[Stored entries]
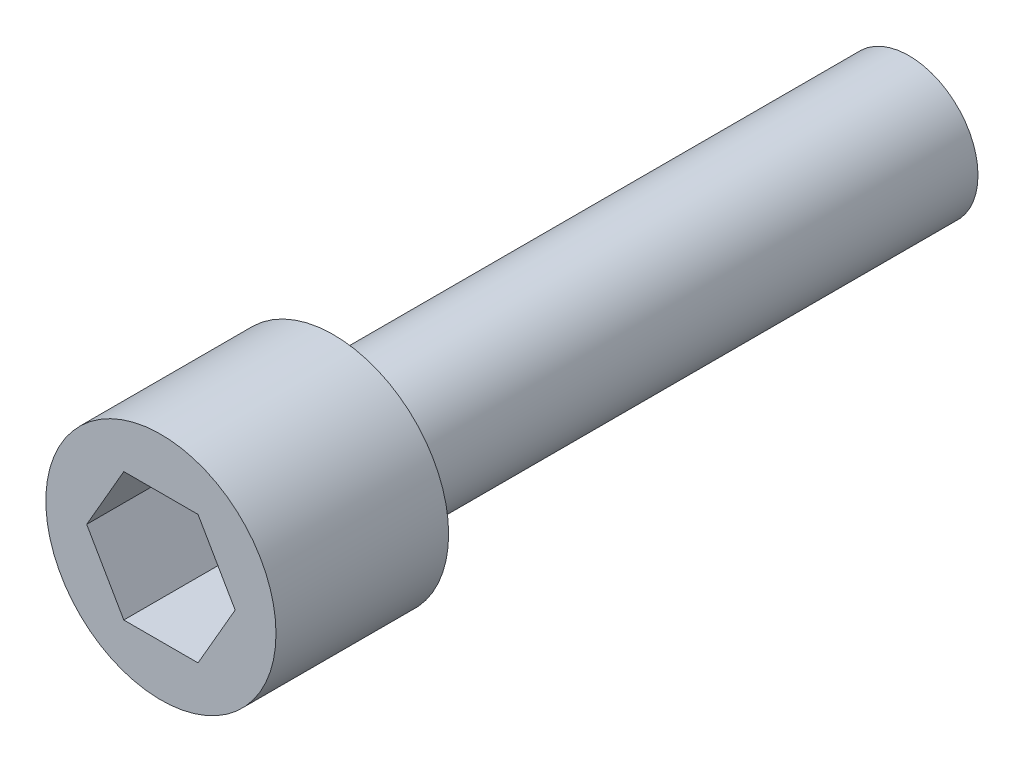
SolidWorks part; units mm, degrees
ref_plane "Front Plane" through (0, 0, 0) normal (0, 0, 1) x (1, 0, 0)
ref_plane "Top Plane" through (0, 0, 0) normal (0, 1, 0) x (1, 0, 0)
ref_plane "Right Plane" through (0, 0, 0) normal (1, 0, 0) x (0, 0, -1)
sketch "Sketch1" plane through (0, 0, 0) normal (0, 0, 1) x (1, 0, 0)
  circle A0 centre (-15, 15) radius 1.2
extrude "Boss-Extrude1" add sketch "Sketch1" against normal blind 10
sketch "Sketch2" plane through (0, 0, 0) normal (0, 0, 1) x (1, 0, 0)
  circle A0 centre (-15, 15) radius 2
extrude "Boss-Extrude2" add sketch "Sketch2" along normal blind 3
sketch "Sketch3" plane through (0, 0, 3) normal (0, 0, 1) x (1, 0, 0)
  line L1 (-13.7099, 15) -> (-14.355, 16.1172)
  line L2 (-14.355, 16.1172) -> (-15.645, 16.1172)
  line L3 (-15.645, 16.1172) -> (-16.2901, 15)
  line L4 (-16.2901, 15) -> (-15.645, 13.8828)
  line L5 (-15.645, 13.8828) -> (-14.355, 13.8828)
  line L6 (-14.355, 13.8828) -> (-13.7099, 15)
  circle A0 centre (-15, 15) radius 1.1172 construction
extrude "Cut-Extrude1" cut sketch "Sketch3" against normal blind 2

§ What is required: Within the entries above, find the string "through" and return each line that holds it.

§ Exercise result:
ref_plane "Front Plane" through (0, 0, 0) normal (0, 0, 1) x (1, 0, 0)
ref_plane "Top Plane" through (0, 0, 0) normal (0, 1, 0) x (1, 0, 0)
ref_plane "Right Plane" through (0, 0, 0) normal (1, 0, 0) x (0, 0, -1)
sketch "Sketch1" plane through (0, 0, 0) normal (0, 0, 1) x (1, 0, 0)
sketch "Sketch2" plane through (0, 0, 0) normal (0, 0, 1) x (1, 0, 0)
sketch "Sketch3" plane through (0, 0, 3) normal (0, 0, 1) x (1, 0, 0)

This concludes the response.